We pray Thee, O God of might, wisdom, and justice! Through whom authority is rightly administered, laws are enacted, and judgment decreed, assist with Thy Holy Spirit of counsel and fortitude the President of these United States, that his administration may be conducted in righteousness, and be eminently useful to Thy people over whom he presides; by encouraging due respect for virtue and religion; by a faithful execution of the laws in justice and mercy; and by restraining vice and immorality. Let the light of Thy divine wisdom direct the deliberations of Congress, and shine forth in all the proceedings and laws framed for our rule and government, so that they may tend to the preservation of peace, the promotion of national happiness, the increase of industry, sobriety, and useful knowledge; and may perpetuate to us the blessing of equal liberty.
We pray for his excellency, the governor of this state, for the members of the assembly, for all judges, magistrates, and other officers who are appointed to guard our political welfare, that they may be enabled, by Thy powerful protection, to discharge the duties of their respective stations with honesty and ability. We recommend likewise, to Thy unbounded mercy, all our brethren and fellow citizens throughout the United States, that they may be blessed in the knowledge and sanctified in the observance of Thy most holy law; that they may be preserved in union, and in that peace which the world cannot give; and after enjoying the blessings of this life, be admitted to those which are eternal.

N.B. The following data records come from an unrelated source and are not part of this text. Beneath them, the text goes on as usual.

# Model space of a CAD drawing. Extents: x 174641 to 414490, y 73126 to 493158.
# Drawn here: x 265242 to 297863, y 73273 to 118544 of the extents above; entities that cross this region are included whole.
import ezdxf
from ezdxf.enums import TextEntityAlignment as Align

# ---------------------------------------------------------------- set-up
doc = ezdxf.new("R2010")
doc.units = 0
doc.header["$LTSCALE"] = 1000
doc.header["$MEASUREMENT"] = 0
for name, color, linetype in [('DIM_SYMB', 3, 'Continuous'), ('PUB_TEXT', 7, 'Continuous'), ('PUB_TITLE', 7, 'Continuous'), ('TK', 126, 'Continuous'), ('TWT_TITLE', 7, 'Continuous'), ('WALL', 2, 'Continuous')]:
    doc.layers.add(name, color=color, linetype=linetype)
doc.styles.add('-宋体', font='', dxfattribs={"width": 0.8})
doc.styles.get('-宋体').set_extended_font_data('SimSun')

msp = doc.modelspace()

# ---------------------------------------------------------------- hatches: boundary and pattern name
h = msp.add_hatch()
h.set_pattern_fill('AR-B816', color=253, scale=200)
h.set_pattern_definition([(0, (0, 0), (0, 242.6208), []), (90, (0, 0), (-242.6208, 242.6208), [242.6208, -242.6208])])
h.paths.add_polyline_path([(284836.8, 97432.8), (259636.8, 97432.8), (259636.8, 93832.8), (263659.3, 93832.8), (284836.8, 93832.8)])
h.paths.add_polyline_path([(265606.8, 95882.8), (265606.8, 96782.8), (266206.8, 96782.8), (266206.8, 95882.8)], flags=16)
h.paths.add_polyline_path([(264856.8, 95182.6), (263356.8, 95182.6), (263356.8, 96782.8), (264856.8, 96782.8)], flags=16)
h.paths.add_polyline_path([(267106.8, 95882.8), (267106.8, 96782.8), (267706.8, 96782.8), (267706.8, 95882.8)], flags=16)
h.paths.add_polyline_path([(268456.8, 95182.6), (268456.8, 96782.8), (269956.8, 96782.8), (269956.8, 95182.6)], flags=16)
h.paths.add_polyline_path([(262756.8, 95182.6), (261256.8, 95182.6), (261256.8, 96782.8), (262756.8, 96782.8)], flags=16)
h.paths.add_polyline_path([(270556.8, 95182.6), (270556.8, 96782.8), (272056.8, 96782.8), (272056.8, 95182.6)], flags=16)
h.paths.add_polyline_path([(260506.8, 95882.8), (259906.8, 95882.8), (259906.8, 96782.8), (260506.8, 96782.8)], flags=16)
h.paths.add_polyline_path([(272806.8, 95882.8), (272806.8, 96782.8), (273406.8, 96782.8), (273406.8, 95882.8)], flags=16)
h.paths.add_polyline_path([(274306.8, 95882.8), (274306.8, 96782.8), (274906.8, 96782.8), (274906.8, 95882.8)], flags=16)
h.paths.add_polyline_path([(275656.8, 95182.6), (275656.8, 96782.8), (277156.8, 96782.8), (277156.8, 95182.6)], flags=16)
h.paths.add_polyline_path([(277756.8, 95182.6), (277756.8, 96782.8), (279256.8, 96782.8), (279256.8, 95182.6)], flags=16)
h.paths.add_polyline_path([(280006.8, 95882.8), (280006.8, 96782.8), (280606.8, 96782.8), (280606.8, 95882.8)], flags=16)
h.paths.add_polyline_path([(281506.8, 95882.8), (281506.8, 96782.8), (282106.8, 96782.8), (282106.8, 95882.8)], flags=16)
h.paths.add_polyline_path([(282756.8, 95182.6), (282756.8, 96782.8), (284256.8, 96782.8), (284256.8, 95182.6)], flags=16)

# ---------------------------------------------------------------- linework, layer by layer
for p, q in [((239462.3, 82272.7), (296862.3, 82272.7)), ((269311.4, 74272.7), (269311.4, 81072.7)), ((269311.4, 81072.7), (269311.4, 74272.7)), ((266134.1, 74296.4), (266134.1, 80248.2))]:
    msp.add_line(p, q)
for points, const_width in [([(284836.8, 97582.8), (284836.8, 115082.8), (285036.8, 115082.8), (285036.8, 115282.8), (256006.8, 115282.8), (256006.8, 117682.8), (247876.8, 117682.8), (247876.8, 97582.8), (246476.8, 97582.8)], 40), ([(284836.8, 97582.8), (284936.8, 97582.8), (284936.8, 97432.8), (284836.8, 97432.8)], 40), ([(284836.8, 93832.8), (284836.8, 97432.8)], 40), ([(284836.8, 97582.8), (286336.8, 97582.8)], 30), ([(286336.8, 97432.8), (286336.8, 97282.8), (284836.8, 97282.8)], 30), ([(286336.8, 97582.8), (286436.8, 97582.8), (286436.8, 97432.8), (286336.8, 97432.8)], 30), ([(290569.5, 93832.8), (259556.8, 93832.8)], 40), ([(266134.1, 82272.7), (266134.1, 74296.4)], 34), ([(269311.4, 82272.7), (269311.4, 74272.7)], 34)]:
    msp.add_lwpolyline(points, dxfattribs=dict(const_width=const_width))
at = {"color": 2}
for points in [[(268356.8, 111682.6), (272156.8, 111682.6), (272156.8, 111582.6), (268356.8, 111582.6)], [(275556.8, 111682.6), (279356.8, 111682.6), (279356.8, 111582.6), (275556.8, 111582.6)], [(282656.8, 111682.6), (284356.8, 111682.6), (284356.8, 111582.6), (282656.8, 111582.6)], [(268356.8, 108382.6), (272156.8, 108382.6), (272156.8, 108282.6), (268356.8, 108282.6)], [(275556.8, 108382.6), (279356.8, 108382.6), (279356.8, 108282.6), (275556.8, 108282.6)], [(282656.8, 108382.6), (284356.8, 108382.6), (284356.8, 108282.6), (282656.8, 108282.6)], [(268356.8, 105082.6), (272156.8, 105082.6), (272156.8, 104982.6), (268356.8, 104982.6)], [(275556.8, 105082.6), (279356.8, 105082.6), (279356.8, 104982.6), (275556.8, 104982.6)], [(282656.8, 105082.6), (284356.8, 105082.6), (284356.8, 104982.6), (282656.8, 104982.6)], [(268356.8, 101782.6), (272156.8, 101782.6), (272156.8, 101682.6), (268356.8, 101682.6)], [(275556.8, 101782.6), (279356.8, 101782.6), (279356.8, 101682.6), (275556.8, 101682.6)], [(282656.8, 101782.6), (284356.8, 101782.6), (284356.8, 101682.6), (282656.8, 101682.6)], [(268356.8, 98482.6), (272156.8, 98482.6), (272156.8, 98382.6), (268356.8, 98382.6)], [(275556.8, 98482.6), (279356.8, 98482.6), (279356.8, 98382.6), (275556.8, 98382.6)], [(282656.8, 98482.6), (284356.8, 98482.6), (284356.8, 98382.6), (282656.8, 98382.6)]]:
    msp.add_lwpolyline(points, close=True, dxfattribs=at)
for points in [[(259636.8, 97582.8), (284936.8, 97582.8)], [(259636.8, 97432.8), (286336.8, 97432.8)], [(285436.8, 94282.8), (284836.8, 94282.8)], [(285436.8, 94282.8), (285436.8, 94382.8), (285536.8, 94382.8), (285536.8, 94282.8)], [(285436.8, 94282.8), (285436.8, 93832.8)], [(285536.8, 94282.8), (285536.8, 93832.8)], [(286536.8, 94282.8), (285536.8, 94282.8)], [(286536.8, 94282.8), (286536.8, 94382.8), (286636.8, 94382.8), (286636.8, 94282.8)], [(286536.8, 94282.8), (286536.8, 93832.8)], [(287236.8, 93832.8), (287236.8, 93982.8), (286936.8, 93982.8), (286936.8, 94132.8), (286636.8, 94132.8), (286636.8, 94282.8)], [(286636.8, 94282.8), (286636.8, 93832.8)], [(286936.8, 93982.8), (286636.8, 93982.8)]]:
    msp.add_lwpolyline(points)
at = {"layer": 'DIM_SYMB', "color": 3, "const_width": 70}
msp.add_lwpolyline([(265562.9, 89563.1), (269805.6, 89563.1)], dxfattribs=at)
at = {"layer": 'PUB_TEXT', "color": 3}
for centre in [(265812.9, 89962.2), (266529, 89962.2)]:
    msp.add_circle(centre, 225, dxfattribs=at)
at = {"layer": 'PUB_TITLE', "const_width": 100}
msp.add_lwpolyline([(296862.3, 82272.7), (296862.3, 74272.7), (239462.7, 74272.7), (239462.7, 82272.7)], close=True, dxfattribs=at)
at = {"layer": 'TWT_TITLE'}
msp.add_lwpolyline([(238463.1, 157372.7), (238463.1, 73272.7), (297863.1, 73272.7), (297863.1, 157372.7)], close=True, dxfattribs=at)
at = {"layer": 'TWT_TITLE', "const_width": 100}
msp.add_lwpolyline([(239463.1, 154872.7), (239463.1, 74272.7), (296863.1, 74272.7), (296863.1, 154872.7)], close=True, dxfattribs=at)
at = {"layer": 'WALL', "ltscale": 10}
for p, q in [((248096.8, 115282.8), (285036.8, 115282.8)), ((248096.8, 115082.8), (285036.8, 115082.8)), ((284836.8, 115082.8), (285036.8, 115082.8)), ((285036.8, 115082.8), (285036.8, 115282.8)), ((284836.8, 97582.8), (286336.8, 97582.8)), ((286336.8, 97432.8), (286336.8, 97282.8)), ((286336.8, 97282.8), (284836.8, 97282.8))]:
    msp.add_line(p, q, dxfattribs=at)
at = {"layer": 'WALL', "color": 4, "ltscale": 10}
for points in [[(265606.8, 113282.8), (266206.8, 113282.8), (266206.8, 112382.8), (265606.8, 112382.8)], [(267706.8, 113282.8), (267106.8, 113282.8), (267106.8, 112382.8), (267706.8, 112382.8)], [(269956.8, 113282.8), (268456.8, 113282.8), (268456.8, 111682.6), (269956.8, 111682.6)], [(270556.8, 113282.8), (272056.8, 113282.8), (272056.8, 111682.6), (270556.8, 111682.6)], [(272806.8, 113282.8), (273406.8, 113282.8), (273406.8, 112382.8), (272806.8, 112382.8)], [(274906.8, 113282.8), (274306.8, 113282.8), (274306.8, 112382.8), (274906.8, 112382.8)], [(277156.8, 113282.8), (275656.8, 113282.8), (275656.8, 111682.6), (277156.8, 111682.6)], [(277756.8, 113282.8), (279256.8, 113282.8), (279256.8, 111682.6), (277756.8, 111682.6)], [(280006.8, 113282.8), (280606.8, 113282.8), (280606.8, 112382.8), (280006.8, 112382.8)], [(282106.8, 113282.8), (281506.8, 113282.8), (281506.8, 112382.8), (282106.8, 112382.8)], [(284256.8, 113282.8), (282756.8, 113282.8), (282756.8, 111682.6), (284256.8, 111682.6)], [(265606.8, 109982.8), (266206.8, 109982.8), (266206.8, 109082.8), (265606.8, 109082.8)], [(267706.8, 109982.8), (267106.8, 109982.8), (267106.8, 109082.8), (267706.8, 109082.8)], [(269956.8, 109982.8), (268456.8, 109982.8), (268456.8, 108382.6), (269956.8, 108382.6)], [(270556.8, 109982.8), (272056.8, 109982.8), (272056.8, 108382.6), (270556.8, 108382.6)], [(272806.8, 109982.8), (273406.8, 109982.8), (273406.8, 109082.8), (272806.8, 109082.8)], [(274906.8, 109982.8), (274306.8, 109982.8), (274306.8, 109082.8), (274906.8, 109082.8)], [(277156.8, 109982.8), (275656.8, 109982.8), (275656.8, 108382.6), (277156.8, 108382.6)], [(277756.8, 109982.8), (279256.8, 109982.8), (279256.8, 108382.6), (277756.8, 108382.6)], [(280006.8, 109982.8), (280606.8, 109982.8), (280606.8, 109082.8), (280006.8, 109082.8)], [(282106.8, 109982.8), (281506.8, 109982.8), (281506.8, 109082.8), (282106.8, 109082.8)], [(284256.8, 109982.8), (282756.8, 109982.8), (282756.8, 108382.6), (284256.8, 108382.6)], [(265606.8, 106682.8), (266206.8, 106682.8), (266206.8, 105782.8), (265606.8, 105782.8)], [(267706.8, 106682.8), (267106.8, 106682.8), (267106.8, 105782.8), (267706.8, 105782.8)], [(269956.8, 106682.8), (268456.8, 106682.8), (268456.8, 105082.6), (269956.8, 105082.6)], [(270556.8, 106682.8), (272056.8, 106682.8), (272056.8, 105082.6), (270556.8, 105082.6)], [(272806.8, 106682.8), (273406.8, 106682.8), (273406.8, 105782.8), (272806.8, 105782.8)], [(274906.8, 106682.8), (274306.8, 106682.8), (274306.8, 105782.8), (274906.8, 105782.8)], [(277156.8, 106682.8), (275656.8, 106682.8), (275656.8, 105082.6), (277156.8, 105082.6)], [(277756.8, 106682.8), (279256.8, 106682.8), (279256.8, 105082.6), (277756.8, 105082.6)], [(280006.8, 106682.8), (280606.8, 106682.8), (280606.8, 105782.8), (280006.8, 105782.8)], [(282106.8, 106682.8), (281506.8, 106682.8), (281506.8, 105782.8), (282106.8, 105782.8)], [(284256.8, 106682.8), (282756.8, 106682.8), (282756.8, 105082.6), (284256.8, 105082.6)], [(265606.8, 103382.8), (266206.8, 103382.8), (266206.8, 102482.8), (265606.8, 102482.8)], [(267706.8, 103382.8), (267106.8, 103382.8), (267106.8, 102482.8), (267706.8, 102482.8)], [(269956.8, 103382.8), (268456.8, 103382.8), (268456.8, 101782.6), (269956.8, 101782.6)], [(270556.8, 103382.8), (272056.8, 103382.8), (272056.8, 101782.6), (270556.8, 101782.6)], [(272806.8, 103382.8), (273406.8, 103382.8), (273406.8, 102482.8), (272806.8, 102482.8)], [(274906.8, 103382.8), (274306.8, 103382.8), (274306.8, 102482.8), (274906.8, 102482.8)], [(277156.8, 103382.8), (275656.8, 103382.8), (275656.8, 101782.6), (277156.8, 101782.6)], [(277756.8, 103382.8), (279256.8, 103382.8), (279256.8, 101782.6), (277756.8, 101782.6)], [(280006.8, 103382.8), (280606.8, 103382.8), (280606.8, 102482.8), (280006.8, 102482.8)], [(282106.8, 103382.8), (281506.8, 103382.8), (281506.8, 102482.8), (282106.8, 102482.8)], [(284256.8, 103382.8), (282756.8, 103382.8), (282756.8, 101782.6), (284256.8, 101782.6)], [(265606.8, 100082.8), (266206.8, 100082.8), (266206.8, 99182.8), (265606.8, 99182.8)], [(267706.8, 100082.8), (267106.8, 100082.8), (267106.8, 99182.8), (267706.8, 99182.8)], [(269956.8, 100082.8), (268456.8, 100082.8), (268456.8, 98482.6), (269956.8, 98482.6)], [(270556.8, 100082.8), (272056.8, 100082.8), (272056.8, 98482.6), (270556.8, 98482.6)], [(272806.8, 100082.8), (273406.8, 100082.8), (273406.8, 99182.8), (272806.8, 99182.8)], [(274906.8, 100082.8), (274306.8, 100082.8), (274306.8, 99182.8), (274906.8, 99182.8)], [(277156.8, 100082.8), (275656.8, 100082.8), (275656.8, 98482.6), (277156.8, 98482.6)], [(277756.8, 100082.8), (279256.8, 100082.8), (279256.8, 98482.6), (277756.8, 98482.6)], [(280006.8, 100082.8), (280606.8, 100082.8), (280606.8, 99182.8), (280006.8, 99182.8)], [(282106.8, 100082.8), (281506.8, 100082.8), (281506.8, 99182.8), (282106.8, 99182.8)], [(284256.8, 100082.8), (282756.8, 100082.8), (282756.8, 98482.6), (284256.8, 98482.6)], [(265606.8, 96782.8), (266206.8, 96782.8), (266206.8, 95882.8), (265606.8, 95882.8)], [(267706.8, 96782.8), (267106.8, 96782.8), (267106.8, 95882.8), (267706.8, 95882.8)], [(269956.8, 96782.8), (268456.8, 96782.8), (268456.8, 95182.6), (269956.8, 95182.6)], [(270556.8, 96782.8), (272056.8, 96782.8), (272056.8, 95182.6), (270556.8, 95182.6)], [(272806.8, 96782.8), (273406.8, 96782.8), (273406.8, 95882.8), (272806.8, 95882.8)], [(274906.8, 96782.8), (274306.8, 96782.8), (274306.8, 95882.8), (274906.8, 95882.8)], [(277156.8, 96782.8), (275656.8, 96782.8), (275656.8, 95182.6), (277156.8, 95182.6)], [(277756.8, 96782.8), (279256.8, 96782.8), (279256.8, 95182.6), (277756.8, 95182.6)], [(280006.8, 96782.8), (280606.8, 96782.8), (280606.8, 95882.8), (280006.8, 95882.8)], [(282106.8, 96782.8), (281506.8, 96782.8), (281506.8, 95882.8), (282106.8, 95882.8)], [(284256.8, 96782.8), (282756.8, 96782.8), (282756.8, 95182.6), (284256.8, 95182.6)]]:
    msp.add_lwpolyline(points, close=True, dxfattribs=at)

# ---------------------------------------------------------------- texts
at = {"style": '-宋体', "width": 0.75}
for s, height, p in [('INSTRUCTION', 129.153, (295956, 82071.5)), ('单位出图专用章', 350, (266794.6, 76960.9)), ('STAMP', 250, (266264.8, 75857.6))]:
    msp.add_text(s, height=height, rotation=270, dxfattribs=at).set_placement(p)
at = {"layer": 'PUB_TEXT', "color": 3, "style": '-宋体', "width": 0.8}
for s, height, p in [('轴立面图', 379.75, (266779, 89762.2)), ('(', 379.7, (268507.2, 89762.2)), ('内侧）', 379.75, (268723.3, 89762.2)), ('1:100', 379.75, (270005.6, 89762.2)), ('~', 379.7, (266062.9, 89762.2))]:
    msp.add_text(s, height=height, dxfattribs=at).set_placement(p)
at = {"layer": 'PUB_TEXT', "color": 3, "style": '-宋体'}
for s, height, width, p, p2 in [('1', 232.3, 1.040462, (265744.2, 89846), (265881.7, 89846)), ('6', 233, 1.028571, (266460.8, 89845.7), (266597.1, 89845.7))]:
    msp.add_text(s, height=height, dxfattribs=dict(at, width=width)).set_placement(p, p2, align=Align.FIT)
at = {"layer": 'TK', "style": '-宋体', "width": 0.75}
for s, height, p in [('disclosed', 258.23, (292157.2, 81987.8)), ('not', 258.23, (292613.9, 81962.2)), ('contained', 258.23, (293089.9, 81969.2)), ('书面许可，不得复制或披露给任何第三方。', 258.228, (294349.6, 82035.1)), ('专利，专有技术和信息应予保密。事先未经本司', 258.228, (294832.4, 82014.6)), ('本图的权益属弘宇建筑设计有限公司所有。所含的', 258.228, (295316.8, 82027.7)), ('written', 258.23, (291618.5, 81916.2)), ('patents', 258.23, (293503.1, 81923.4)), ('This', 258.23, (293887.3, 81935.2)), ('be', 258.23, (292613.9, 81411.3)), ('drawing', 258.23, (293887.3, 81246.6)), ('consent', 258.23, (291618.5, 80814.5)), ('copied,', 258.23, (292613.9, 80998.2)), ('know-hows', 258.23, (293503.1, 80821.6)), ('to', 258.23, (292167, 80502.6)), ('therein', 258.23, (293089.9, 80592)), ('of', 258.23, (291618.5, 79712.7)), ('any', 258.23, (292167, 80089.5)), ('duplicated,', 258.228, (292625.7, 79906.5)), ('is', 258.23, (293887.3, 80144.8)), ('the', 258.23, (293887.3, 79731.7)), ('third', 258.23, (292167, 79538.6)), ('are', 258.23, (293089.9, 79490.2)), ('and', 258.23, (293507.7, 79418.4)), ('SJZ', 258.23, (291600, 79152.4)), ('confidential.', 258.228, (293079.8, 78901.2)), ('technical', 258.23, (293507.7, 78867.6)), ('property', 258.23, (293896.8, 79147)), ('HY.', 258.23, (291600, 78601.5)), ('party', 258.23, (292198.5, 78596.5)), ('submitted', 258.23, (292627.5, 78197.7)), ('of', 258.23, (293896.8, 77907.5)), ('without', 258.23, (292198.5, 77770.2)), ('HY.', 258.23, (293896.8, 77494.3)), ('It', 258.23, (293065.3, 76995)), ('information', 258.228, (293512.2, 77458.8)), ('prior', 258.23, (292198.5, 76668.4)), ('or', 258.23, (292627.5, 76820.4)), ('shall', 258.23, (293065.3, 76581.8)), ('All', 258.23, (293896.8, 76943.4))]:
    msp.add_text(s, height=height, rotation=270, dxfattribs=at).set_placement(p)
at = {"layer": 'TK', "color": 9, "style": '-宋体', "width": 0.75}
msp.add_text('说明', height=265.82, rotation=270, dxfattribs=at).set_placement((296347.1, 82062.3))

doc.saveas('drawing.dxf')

Finally, we pray to Thee, O Lord of mercy, to remember the souls of Thy servants departed who are gone before us with the sign of faith and repose in the sleep of peace; the souls of our parents, relatives, and friends; of those who, when living, were members of this congregation, and particularly of such as are lately deceased; of all benefactors who, by their donations or legacies to this Church, witnessed their zeal for the decency of divine worship and proved their claim to our grateful and charitable remembrance. To these, O Lord, and to all that rest in Christ, grant, we beseech Thee, a place of refreshment, light, and everlasting peace, through the same Jesus Christ, Our Lord and Savior. Amen.While not technically a formal part of the Catholic liturgy in the United States, its repetition by each congregation after Sunday Mass resulted in it being a critical part of the Sunday worship experience of Catholics throughout the country. This prayer helped to both express and reinforce the patriotic feelings of Catholics in the new Republic. This in turn helped to cement a commitment to patriotism within the Catholic Church in America, a strong patriotism that helped to countered slanderous allegations of dual loyalty hurled at Catholics by nativists and other anti-Catholics all the way up to the election of JFK to the presidency.